# 2 in on Modding/repairing a Mcintosh or building a Monoblock Help.



## Redman (Apr 30, 2018)

So I just bid 50$ on an MC431. If I get it wahoo. it may be broken. 

I am not rich but I live in Japan. Where mosfets and good caps are made. I was thinking that I could repair this amp if I bought a cheap scope or multimeter... if its broken. If not there is an MC430 for cheap that may be broken as well. 
I figure that I could check the circuits and replace blown components. 

But if I get a 430 I would like to upgrade it so that it can safely produce 100W without melting down.

Failing these above tasks.... 

EDIT: I need to specify clean high quality. My friend builds tubes but I dunno what he knows about class D and he has never built a car amp.

Isnt there a badass 100W (HIFI) mono block schematic out there? I have heatsinks soldering equipment and a friend who builds home amps. But he builds tube amps. I think together we could build a 4x100 quad mono design that would be much higher quality than I could afford to just pay for. I also love a challenge. 

I hope this is the right thread as I didnt feel it to be a general question. It is advanced but I figure users of this sub forum would be the best people to ask about these particular questions.

Also if you can answer these questions please advise me on who makes the best fets and caps in Japan.


----------



## Holmz (Jul 12, 2017)

Redman said:


> So I just bid 50$ on an MC431. If I get it wahoo. it may be broken.
> 
> I am not rich but I live in Japan. Where mosfets and good caps are made. I was thinking that I could repair this amp if I bought a cheap scope or multimeter... if its broken. If not there is an MC430 for cheap that may be broken as well.
> I figure that I could check the circuits and replace blown components.
> ...


The best FETs and the best Caps have little to do with it.
Just put it back together with new caps of the same type/brand.
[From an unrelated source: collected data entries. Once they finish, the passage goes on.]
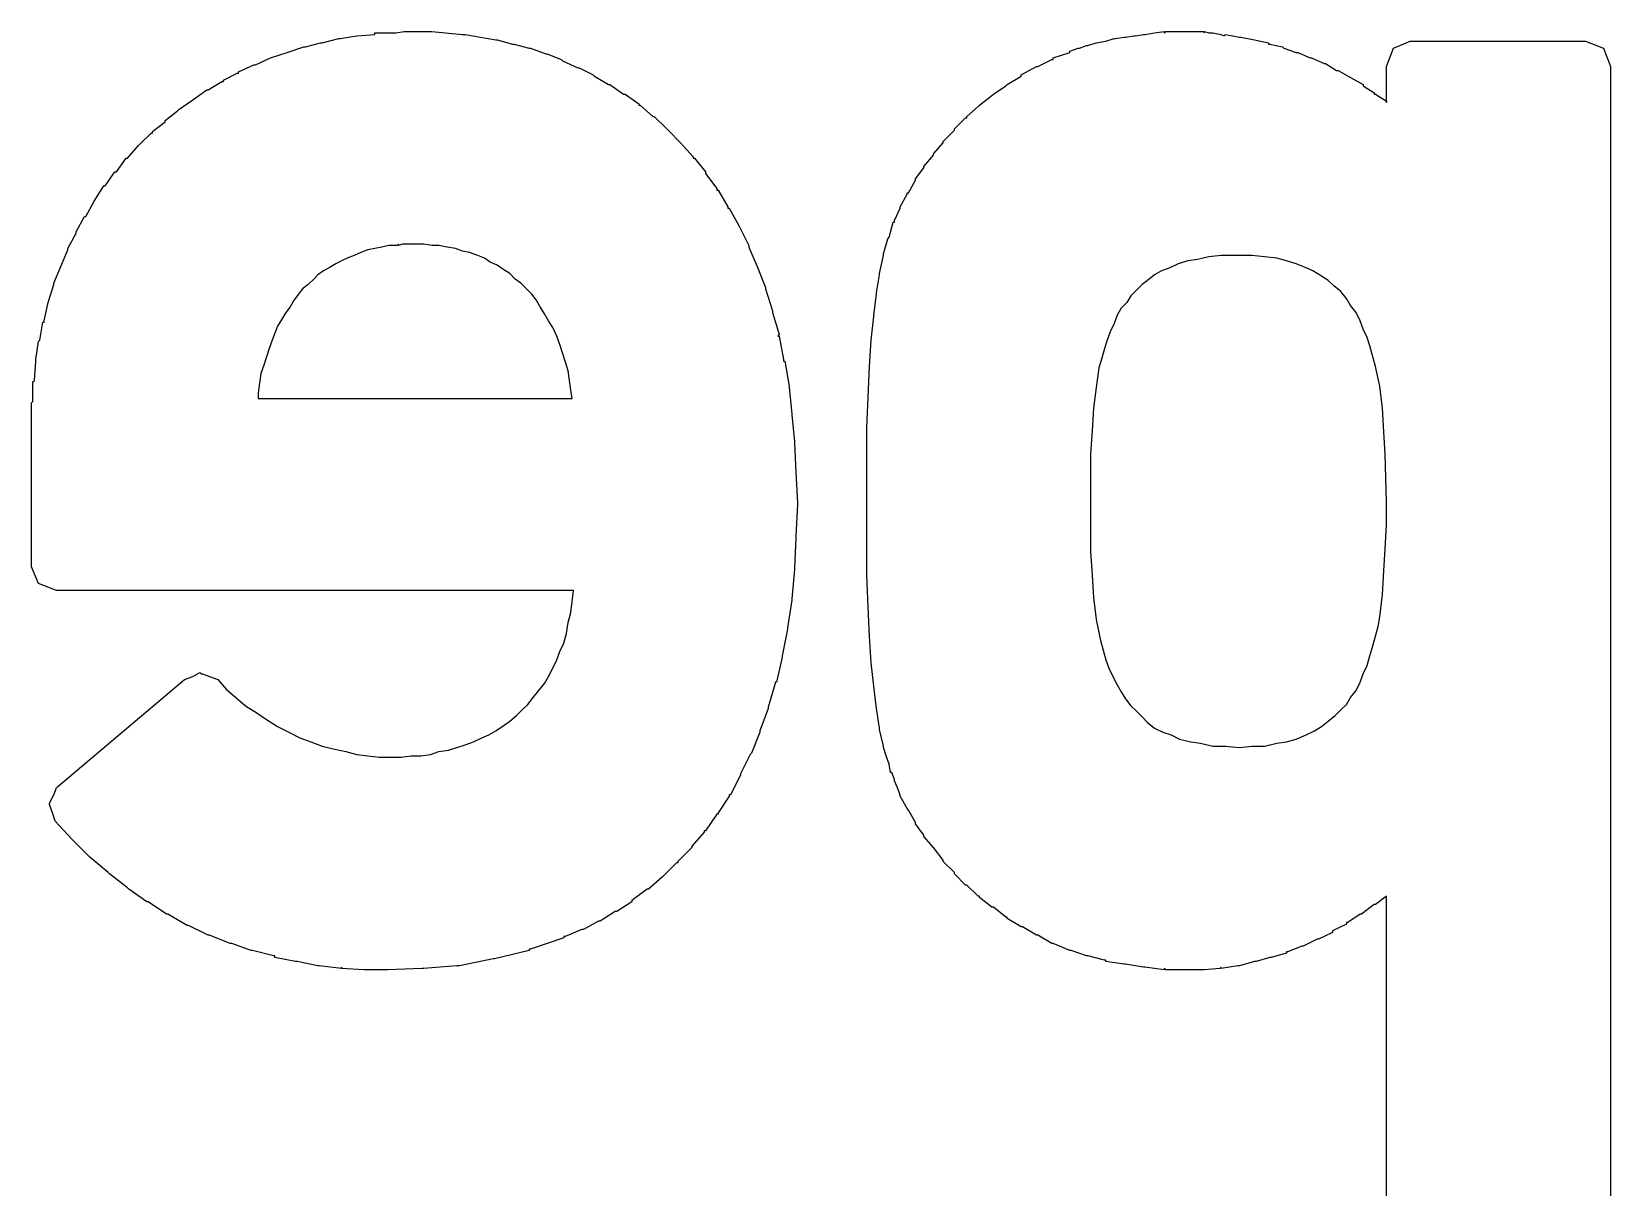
# Model space of a CAD drawing. Extents: x 135.7 to 179.4, y -147.5 to -55.1.
# Drawn here: x 175.075 to 176.211, y -146.673 to -145.841 of the extents above; entities that cross this region are included whole.
import ezdxf

# ---------------------------------------------------------------- set-up
doc = ezdxf.new("R2010")
doc.units = 0
doc.layers.add('BLACK', color=7, linetype='CONTINUOUS')

msp = doc.modelspace()

# ---------------------------------------------------------------- linework, layer by layer
at = {"layer": 'BLACK', "linetype": 'CONTINUOUS'}
for p, q in [((175.272, -145.852), (175.283, -145.849)), ((175.283, -145.849), (175.284, -145.849)), ((175.284, -145.849), (175.296, -145.846)), ((175.284, -145.849), (175.284, -145.849)), ((175.296, -145.846), (175.296, -145.846)), ((175.296, -145.846), (175.297, -145.846)), ((175.297, -145.846), (175.309, -145.844)), ((175.309, -145.844), (175.322, -145.843)), ((175.309, -145.844), (175.309, -145.844)), ((175.309, -145.844), (175.309, -145.844)), ((175.322, -145.843), (175.322, -145.842)), ((175.322, -145.842), (175.335, -145.842)), ((175.322, -145.843), (175.322, -145.843)), ((175.335, -145.842), (175.335, -145.842)), ((175.335, -145.842), (175.336, -145.842)), ((175.336, -145.842), (175.337, -145.842)), ((175.337, -145.842), (175.343, -145.841)), ((175.337, -145.842), (175.337, -145.842)), ((175.343, -145.841), (175.343, -145.841)), ((175.343, -145.841), (175.343, -145.841)), ((175.343, -145.841), (175.347, -145.841)), ((175.347, -145.841), (175.347, -145.841)), ((175.347, -145.841), (175.347, -145.841)), ((175.347, -145.841), (175.348, -145.841)), ((175.348, -145.841), (175.349, -145.841)), ((175.349, -145.841), (175.349, -145.841)), ((175.349, -145.841), (175.35, -145.841)), ((175.35, -145.841), (175.356, -145.841)), ((175.356, -145.841), (175.356, -145.841)), ((175.356, -145.841), (175.356, -145.841)), ((175.356, -145.841), (175.359, -145.841)), ((175.359, -145.841), (175.359, -145.841)), ((175.359, -145.841), (175.361, -145.841)), ((175.359, -145.841), (175.359, -145.841)), ((175.361, -145.841), (175.361, -145.841)), ((175.361, -145.841), (175.361, -145.841)), ((175.361, -145.841), (175.362, -145.841)), ((175.362, -145.841), (175.363, -145.841)), ((175.363, -145.841), (175.363, -145.841)), ((175.363, -145.841), (175.385, -145.843)), ((175.385, -145.843), (175.386, -145.843)), ((175.386, -145.843), (175.387, -145.843)), ((175.387, -145.843), (175.409, -145.847)), ((175.409, -145.847), (175.41, -145.847)), ((175.41, -145.847), (175.41, -145.847)), ((175.41, -145.847), (175.421, -145.85)), ((175.421, -145.85), (175.422, -145.85)), ((175.422, -145.85), (175.422, -145.85)), ((175.422, -145.85), (175.433, -145.853)), ((175.829, -145.853), (175.834, -145.851)), ((175.834, -145.851), (175.835, -145.851)), ((175.835, -145.851), (175.841, -145.849)), ((175.835, -145.851), (175.835, -145.851)), ((175.841, -145.849), (175.848, -145.848)), ((175.841, -145.849), (175.841, -145.849)), ((175.841, -145.849), (175.841, -145.849)), ((175.848, -145.848), (175.854, -145.846)), ((175.848, -145.848), (175.848, -145.848)), ((175.848, -145.848), (175.848, -145.848)), ((175.854, -145.846), (175.855, -145.846)), ((175.855, -145.846), (175.861, -145.845)), ((175.855, -145.846), (175.855, -145.846)), ((175.861, -145.845), (175.862, -145.845)), ((175.862, -145.845), (175.868, -145.844)), ((175.862, -145.845), (175.862, -145.845)), ((175.868, -145.844), (175.869, -145.844)), ((175.869, -145.844), (175.875, -145.843)), ((175.869, -145.844), (175.869, -145.844)), ((175.875, -145.843), (175.876, -145.843)), ((175.876, -145.843), (175.883, -145.842)), ((175.876, -145.843), (175.876, -145.843)), ((175.883, -145.842), (175.89, -145.841)), ((175.883, -145.842), (175.883, -145.842)), ((175.883, -145.842), (175.883, -145.842)), ((175.89, -145.841), (175.89, -145.842)), ((175.89, -145.842), (175.891, -145.841)), ((175.891, -145.841), (175.898, -145.841)), ((175.898, -145.841), (175.898, -145.841)), ((175.898, -145.841), (175.898, -145.841)), ((175.898, -145.841), (175.905, -145.841)), ((175.905, -145.841), (175.905, -145.841)), ((175.905, -145.841), (175.906, -145.841)), ((175.906, -145.841), (175.909, -145.841)), ((175.909, -145.841), (175.909, -145.841)), ((175.909, -145.841), (175.909, -145.841)), ((175.909, -145.841), (175.912, -145.841)), ((175.912, -145.841), (175.912, -145.841)), ((175.912, -145.841), (175.912, -145.841)), ((175.912, -145.841), (175.915, -145.841)), ((175.915, -145.841), (175.915, -145.841)), ((175.915, -145.841), (175.916, -145.841)), ((175.916, -145.841), (175.918, -145.841)), ((175.918, -145.841), (175.919, -145.842)), ((175.919, -145.842), (175.919, -145.841)), ((175.919, -145.841), (175.922, -145.842)), ((175.922, -145.842), (175.922, -145.842)), ((175.922, -145.842), (175.922, -145.842)), ((175.922, -145.842), (175.925, -145.842)), ((175.925, -145.842), (175.925, -145.842)), ((175.925, -145.842), (175.925, -145.842)), ((175.925, -145.842), (175.931, -145.843)), ((175.931, -145.843), (175.933, -145.844)), ((175.933, -145.844), (175.934, -145.843)), ((175.934, -145.843), (175.944, -145.845)), ((175.944, -145.845), (175.944, -145.845)), ((175.944, -145.845), (175.945, -145.845)), ((175.945, -145.845), (175.955, -145.847)), ((175.955, -145.847), (175.955, -145.847)), ((175.955, -145.847), (175.955, -145.847)), ((175.955, -145.847), (175.965, -145.849)), ((175.965, -145.849), (175.965, -145.85)), ((175.965, -145.85), (175.966, -145.85)), ((175.966, -145.85), (175.975, -145.852)), ((176.055, -145.853), (176.067, -145.848)), ((176.067, -145.848), (176.193, -145.848)), ((176.193, -145.848), (176.206, -145.853)), ((175.236, -145.865), (175.247, -145.86)), ((175.247, -145.86), (175.259, -145.856)), ((175.247, -145.86), (175.247, -145.86)), ((175.247, -145.86), (175.247, -145.86)), ((175.259, -145.856), (175.271, -145.852)), ((175.259, -145.856), (175.259, -145.856)), ((175.259, -145.856), (175.259, -145.856)), ((175.271, -145.852), (175.271, -145.852)), ((175.271, -145.852), (175.272, -145.852)), ((175.433, -145.853), (175.434, -145.853)), ((175.434, -145.853), (175.434, -145.853)), ((175.434, -145.853), (175.445, -145.857)), ((175.445, -145.857), (175.445, -145.857)), ((175.445, -145.857), (175.446, -145.857)), ((175.446, -145.857), (175.456, -145.861)), ((175.456, -145.861), (175.457, -145.862)), ((175.457, -145.862), (175.457, -145.862)), ((175.457, -145.862), (175.468, -145.867)), ((175.799, -145.866), (175.809, -145.861)), ((175.809, -145.861), (175.81, -145.861)), ((175.81, -145.86), (175.816, -145.858)), ((175.81, -145.861), (175.81, -145.86)), ((175.816, -145.858), (175.822, -145.856)), ((175.816, -145.858), (175.816, -145.858)), ((175.816, -145.858), (175.816, -145.858)), ((175.822, -145.855), (175.828, -145.853)), ((175.822, -145.856), (175.822, -145.855)), ((175.822, -145.856), (175.822, -145.856)), ((175.828, -145.853), (175.828, -145.853)), ((175.828, -145.853), (175.829, -145.853)), ((175.975, -145.852), (175.976, -145.853)), ((175.976, -145.853), (175.976, -145.853)), ((175.976, -145.853), (175.985, -145.856)), ((175.985, -145.856), (175.986, -145.856)), ((175.986, -145.856), (175.986, -145.856)), ((175.986, -145.856), (175.995, -145.86)), ((175.995, -145.86), (175.996, -145.86)), ((175.996, -145.86), (175.996, -145.86)), ((175.996, -145.86), (176.005, -145.864)), ((176.05, -145.866), (176.055, -145.853)), ((176.206, -145.853), (176.211, -145.866)), ((175.213, -145.876), (175.223, -145.871)), ((175.223, -145.871), (175.224, -145.871)), ((175.224, -145.87), (175.235, -145.865)), ((175.224, -145.871), (175.224, -145.87)), ((175.235, -145.865), (175.235, -145.865)), ((175.235, -145.865), (175.236, -145.865)), ((175.468, -145.867), (175.468, -145.867)), ((175.468, -145.867), (175.469, -145.867)), ((175.469, -145.867), (175.479, -145.872)), ((175.479, -145.872), (175.48, -145.873)), ((175.48, -145.873), (175.48, -145.873)), ((175.48, -145.873), (175.49, -145.879)), ((175.777, -145.879), (175.787, -145.873)), ((175.787, -145.872), (175.798, -145.866)), ((175.787, -145.873), (175.787, -145.872)), ((175.787, -145.873), (175.787, -145.873)), ((175.798, -145.866), (175.798, -145.866)), ((175.798, -145.866), (175.799, -145.866)), ((176.005, -145.864), (176.005, -145.864)), ((176.005, -145.864), (176.006, -145.864)), ((176.006, -145.864), (176.014, -145.869)), ((176.014, -145.869), (176.015, -145.869)), ((176.015, -145.869), (176.015, -145.869)), ((176.015, -145.869), (176.024, -145.874)), ((176.05, -145.892), (176.05, -145.866)), ((176.211, -145.866), (176.211, -147.48)), ((175.191, -145.89), (175.201, -145.883)), ((175.201, -145.883), (175.202, -145.883)), ((175.202, -145.883), (175.212, -145.877)), ((175.202, -145.883), (175.202, -145.883)), ((175.212, -145.877), (175.213, -145.877)), ((175.213, -145.877), (175.213, -145.876)), ((175.49, -145.879), (175.491, -145.879)), ((175.491, -145.879), (175.491, -145.879)), ((175.491, -145.879), (175.501, -145.886)), ((175.767, -145.886), (175.776, -145.88)), ((175.776, -145.88), (175.777, -145.879)), ((175.777, -145.879), (175.777, -145.879)), ((176.024, -145.874), (176.024, -145.874)), ((176.024, -145.874), (176.024, -145.874)), ((176.024, -145.874), (176.033, -145.879)), ((176.033, -145.879), (176.033, -145.88)), ((176.033, -145.88), (176.033, -145.88)), ((176.033, -145.88), (176.041, -145.885)), ((176.041, -145.885), (176.041, -145.886)), ((175.181, -145.897), (175.191, -145.89)), ((175.191, -145.89), (175.191, -145.89)), ((175.191, -145.89), (175.191, -145.89)), ((175.501, -145.886), (175.501, -145.886)), ((175.501, -145.886), (175.502, -145.886)), ((175.502, -145.886), (175.512, -145.893)), ((175.512, -145.893), (175.512, -145.894)), ((175.512, -145.894), (175.513, -145.894)), ((175.513, -145.894), (175.522, -145.902)), ((175.748, -145.902), (175.756, -145.895)), ((175.756, -145.895), (175.757, -145.894)), ((175.757, -145.894), (175.766, -145.887)), ((175.757, -145.894), (175.757, -145.894)), ((175.766, -145.887), (175.767, -145.886)), ((175.766, -145.887), (175.766, -145.887)), ((176.041, -145.886), (176.042, -145.886)), ((176.042, -145.886), (176.05, -145.891)), ((176.05, -145.891), (176.05, -145.892)), ((176.05, -145.892), (176.05, -145.892)), ((175.162, -145.913), (175.171, -145.906)), ((175.171, -145.905), (175.18, -145.898)), ((175.171, -145.906), (175.171, -145.905)), ((175.171, -145.905), (175.171, -145.905)), ((175.18, -145.898), (175.181, -145.897)), ((175.181, -145.897), (175.181, -145.897)), ((175.522, -145.902), (175.522, -145.902)), ((175.522, -145.902), (175.523, -145.902)), ((175.523, -145.902), (175.532, -145.911)), ((175.739, -145.911), (175.747, -145.903)), ((175.747, -145.903), (175.748, -145.903)), ((175.748, -145.903), (175.748, -145.902)), ((175.153, -145.922), (175.161, -145.914)), ((175.161, -145.914), (175.162, -145.914)), ((175.162, -145.914), (175.162, -145.913)), ((175.532, -145.911), (175.532, -145.911)), ((175.532, -145.911), (175.533, -145.912)), ((175.533, -145.912), (175.542, -145.921)), ((175.731, -145.92), (175.739, -145.912)), ((175.739, -145.912), (175.739, -145.911)), ((175.739, -145.911), (175.739, -145.911)), ((175.144, -145.932), (175.152, -145.923)), ((175.152, -145.923), (175.153, -145.922)), ((175.152, -145.923), (175.152, -145.923)), ((175.542, -145.921), (175.542, -145.921)), ((175.542, -145.921), (175.542, -145.921)), ((175.542, -145.921), (175.551, -145.931)), ((175.717, -145.938), (175.724, -145.93)), ((175.724, -145.929), (175.731, -145.921)), ((175.724, -145.93), (175.724, -145.929)), ((175.724, -145.929), (175.724, -145.929)), ((175.731, -145.921), (175.731, -145.92)), ((175.731, -145.92), (175.731, -145.92)), ((175.136, -145.942), (175.143, -145.932)), ((175.143, -145.932), (175.144, -145.932)), ((175.144, -145.932), (175.144, -145.932)), ((175.551, -145.931), (175.551, -145.932)), ((175.551, -145.932), (175.552, -145.932)), ((175.552, -145.932), (175.56, -145.942)), ((175.711, -145.947), (175.717, -145.939)), ((175.717, -145.939), (175.717, -145.938)), ((175.717, -145.938), (175.717, -145.938)), ((175.12, -145.963), (175.127, -145.952)), ((175.127, -145.952), (175.128, -145.952)), ((175.128, -145.952), (175.135, -145.942)), ((175.128, -145.952), (175.128, -145.952)), ((175.135, -145.942), (175.135, -145.942)), ((175.135, -145.942), (175.136, -145.942)), ((175.56, -145.942), (175.56, -145.943)), ((175.56, -145.943), (175.56, -145.943)), ((175.56, -145.943), (175.568, -145.954)), ((175.706, -145.957), (175.711, -145.948)), ((175.711, -145.948), (175.711, -145.947)), ((175.711, -145.948), (175.711, -145.948)), ((175.114, -145.974), (175.12, -145.963)), ((175.12, -145.963), (175.12, -145.963)), ((175.12, -145.963), (175.12, -145.963)), ((175.568, -145.954), (175.568, -145.955)), ((175.568, -145.955), (175.569, -145.955)), ((175.569, -145.955), (175.576, -145.967)), ((175.7, -145.967), (175.705, -145.958)), ((175.705, -145.958), (175.705, -145.957)), ((175.705, -145.957), (175.706, -145.957)), ((175.107, -145.985), (175.113, -145.974)), ((175.113, -145.974), (175.113, -145.974)), ((175.113, -145.974), (175.114, -145.974)), ((175.576, -145.967), (175.576, -145.968)), ((175.576, -145.968), (175.577, -145.968)), ((175.577, -145.968), (175.584, -145.981)), ((175.696, -145.977), (175.7, -145.968)), ((175.7, -145.968), (175.7, -145.967)), ((175.7, -145.967), (175.7, -145.967)), ((175.101, -145.997), (175.107, -145.986)), ((175.107, -145.986), (175.107, -145.985)), ((175.107, -145.986), (175.107, -145.986)), ((175.584, -145.981), (175.584, -145.981)), ((175.584, -145.981), (175.584, -145.981)), ((175.584, -145.981), (175.591, -145.995)), ((175.692, -145.989), (175.695, -145.978)), ((175.695, -145.978), (175.696, -145.978)), ((175.696, -145.978), (175.696, -145.977)), ((175.096, -146.01), (175.101, -145.998)), ((175.101, -145.998), (175.101, -145.997)), ((175.101, -145.998), (175.101, -145.998)), ((175.317, -145.998), (175.312, -146)), ((175.322, -145.997), (175.317, -145.998)), ((175.327, -145.996), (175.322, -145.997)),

I did not know a 430 was a class-D... so I guess I do like class-D amps, but never realised that I did.


----------



## Redman (Apr 30, 2018)

I might not know what the he** I am talkong about. A/B, D.... A is there a B or a C class. Idk... 
But What I am talking about is modification especially if I get a 50x 4 amp then making that into something that can safely throw. I imagine sizing up all of the components minus the actual drive circut should do fine as the body looks like its big enough to take the heat and I imagine the smaller amp has the same layout. But its a guess so thats why I made the thread to get more light on modding a McIntosh or building a small footprint monoblock of good quality from scratch. I could be in the wrong sub forum..... Im new to poking around inside amps. Its my buddy who knows more but hes a professor and real busy mostly.


----------



## Holmz (Jul 12, 2017)

The main question may be do we need more than 50W/channel these days? Or is 50W/ch enough?
And if it is enough, then just have the amp brought back to origional specs.

If not.. then you will need rails that are higher voltage, not just new FETs.


----------



## Redman (Apr 30, 2018)

I didnt get it anyways.... The bids went way too high for something that was " Untested" .

I want to find a good 100W monoblock design and I just happened to come across a bunch of heat sinks!! So I think it could be fun.

Anyone done this with great results?


----------